**Task instructions**
If a line of the records contains the string "axis", copy it out.

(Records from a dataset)
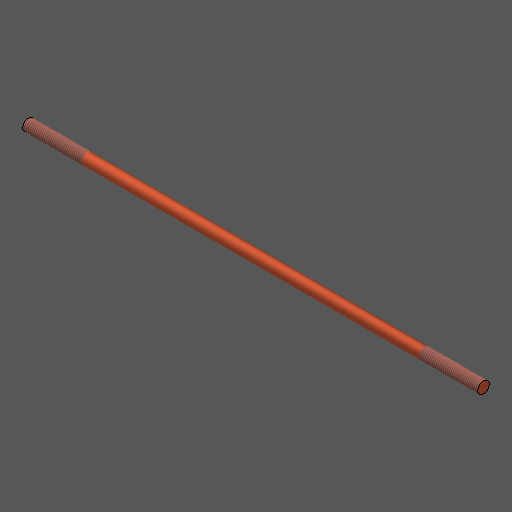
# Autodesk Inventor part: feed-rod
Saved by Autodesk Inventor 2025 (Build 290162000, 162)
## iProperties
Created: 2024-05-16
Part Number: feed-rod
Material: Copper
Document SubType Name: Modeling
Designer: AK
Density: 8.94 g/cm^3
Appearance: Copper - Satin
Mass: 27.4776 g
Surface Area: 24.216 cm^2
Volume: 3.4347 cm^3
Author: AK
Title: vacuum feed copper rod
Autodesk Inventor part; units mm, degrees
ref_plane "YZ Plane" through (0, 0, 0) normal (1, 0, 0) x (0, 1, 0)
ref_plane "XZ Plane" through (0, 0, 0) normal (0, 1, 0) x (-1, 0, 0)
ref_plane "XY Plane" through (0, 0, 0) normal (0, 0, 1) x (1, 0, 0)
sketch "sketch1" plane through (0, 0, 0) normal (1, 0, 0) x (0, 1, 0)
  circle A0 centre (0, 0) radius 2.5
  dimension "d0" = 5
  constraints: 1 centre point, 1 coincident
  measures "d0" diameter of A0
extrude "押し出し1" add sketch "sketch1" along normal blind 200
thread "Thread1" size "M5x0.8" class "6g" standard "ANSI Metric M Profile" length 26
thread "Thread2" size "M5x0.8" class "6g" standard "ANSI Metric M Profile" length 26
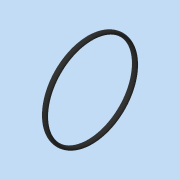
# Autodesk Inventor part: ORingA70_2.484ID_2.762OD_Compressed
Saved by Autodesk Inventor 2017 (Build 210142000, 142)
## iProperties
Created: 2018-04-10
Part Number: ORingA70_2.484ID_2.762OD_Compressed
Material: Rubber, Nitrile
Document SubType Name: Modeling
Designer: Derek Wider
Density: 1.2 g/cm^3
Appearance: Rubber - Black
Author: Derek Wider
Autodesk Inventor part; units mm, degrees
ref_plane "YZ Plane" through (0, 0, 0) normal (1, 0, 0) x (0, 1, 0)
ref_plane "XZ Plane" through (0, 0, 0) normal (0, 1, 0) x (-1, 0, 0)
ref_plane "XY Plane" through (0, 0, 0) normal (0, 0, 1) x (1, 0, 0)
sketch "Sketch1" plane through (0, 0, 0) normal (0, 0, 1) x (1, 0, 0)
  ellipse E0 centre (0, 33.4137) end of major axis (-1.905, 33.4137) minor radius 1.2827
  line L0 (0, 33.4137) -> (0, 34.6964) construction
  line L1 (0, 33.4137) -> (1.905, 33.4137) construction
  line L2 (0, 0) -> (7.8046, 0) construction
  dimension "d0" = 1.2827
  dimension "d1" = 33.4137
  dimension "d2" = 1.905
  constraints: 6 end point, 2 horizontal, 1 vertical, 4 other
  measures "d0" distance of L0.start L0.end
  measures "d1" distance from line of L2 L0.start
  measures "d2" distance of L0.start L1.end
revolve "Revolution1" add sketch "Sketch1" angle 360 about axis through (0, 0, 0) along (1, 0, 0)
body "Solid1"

**Reply to the exercise**
  ellipse E0 centre (0, 33.4137) end of major axis (-1.905, 33.4137) minor radius 1.2827
revolve "Revolution1" add sketch "Sketch1" angle 360 about axis through (0, 0, 0) along (1, 0, 0)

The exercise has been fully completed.